続いて「オフィスに比べて集中しづらい」「オンオフの切替がむずかしい」などの「モーティベーションの維持」の難しさをあげたのが39人だった。「パワハラ気質な上司が家の中にオンラインで介入してきた感じがしてこわい」という回答からは、精神的ストレスも危惧される。
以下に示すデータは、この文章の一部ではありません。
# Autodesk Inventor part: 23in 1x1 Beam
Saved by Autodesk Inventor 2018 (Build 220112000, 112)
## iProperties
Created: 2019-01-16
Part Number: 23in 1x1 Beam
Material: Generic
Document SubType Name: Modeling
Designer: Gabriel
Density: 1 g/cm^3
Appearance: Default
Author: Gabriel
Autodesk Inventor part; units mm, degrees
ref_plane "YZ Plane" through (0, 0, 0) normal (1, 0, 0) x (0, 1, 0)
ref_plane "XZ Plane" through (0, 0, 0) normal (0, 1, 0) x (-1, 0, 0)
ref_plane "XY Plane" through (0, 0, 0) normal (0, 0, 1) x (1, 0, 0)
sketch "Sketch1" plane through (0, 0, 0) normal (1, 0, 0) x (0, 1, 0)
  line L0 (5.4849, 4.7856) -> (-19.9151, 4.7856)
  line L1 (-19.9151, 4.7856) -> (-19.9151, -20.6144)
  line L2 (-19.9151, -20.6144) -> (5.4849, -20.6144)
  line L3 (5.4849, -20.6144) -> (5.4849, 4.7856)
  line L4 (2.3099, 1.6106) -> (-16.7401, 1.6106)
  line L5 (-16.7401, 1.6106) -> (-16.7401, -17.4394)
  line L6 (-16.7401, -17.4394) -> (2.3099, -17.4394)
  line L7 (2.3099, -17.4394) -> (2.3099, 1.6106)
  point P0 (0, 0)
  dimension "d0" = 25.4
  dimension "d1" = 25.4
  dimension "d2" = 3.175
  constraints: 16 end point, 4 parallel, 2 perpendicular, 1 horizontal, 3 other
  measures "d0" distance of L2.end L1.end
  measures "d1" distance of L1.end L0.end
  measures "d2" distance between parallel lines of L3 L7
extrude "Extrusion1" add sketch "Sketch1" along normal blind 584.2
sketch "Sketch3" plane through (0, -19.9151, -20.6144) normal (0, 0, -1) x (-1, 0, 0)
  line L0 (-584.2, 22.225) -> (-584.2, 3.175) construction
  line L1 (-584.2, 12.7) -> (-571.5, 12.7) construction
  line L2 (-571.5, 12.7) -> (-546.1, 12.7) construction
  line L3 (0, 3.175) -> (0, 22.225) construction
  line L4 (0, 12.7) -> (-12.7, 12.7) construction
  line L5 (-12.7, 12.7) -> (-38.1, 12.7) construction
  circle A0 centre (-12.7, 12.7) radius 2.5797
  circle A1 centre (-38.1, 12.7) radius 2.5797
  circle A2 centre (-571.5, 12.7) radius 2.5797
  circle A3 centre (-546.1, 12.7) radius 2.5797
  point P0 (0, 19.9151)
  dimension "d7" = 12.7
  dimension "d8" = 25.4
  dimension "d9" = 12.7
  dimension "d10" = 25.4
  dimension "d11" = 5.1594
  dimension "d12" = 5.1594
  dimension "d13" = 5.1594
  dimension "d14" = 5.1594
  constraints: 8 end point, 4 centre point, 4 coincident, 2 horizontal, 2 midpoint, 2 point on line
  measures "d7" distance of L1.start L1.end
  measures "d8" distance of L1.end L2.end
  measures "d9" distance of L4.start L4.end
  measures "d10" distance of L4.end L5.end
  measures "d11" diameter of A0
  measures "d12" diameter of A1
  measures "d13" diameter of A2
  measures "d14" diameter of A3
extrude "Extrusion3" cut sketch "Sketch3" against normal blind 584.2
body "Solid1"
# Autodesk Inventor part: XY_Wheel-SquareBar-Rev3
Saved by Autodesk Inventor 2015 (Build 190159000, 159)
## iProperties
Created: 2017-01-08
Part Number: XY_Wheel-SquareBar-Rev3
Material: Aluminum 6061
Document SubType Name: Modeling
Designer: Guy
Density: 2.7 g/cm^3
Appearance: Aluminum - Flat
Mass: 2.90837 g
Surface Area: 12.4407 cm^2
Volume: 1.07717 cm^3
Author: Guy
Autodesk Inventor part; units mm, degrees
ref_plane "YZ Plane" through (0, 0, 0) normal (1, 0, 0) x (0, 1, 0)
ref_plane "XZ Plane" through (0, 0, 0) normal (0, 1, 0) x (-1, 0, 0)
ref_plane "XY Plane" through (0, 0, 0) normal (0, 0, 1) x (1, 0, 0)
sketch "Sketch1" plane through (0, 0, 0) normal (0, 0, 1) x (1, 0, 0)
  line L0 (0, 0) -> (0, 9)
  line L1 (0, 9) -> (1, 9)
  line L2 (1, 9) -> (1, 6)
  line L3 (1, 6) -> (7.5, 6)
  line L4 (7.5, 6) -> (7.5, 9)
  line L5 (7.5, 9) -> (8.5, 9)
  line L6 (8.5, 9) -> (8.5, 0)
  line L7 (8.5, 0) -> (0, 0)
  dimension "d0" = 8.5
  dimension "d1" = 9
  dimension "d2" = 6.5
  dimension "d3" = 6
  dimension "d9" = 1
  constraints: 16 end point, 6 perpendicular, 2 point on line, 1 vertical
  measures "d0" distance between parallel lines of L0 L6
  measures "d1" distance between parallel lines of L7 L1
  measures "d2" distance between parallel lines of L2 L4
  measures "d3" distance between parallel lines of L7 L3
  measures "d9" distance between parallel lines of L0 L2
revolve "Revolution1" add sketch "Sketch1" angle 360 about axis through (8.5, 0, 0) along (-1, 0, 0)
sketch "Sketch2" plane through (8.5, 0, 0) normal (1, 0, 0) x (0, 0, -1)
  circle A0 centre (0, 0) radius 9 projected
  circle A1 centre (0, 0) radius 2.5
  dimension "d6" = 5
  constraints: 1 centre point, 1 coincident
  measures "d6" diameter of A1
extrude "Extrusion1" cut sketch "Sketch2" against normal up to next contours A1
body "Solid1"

このほか仕事関係の「コミュニケーション」の難しさを27人、「通信環境・情報管理」の問題を21人、「印鑑・郵送物・紙の資料」などの技術的な制約を15人が指摘している。これらの要因が複合した結果であろうが、20人が「仕事が進まない/はかどらない」「仕事の効率が悪い」といった表現を用いている。在宅勤務を生産性向上につなげるには、まだハードルがいくつもあるようだ。
在宅勤務でも「モーティベーション」を維持して「コミュニケーション」をはかるような職場管理の方法は各企業が取り組まねばならない喫緊の課題である。自宅の「通信環境」整備のための費用の会社および国からの支援は始まっているが、より充実させる必要がある。印鑑や紙の使用は無くしてもらうしかない。
となると残るのは「仕事と家族のかね合い」で困らないような「自宅の仕事環境」整備だろう。日本の住宅はヨーロッパや北米のみならず豊かになったアジア諸国の多くと比べても狭くて条件が悪いので、世界のトレンドとなったテレワークについてゆくにはそれが思わぬネックになっている。
「別々の独立した部屋」をすぐに持つのは難しいだろうが、住宅の中に小さくても個人のスペースを作ることが、「家族を幸せにする」在宅勤務を「新しい生活様式」にするための条件だろう。感染状況が改善したら、ネットカフェをテレワークに使う、一般の喫茶店もデフォルトでWi-Fi完備にするという海外でよくあるような方向もいいだろう。
未来の働き方は未来の暮らし方でもある。会社だけでなく家族も変わり、仕事と生活がうまく組み合わさり、その両方に女性も男性もちょうどいいくらい時間と手間をかけられる新しい社会の仕組みを生み出してゆきたい。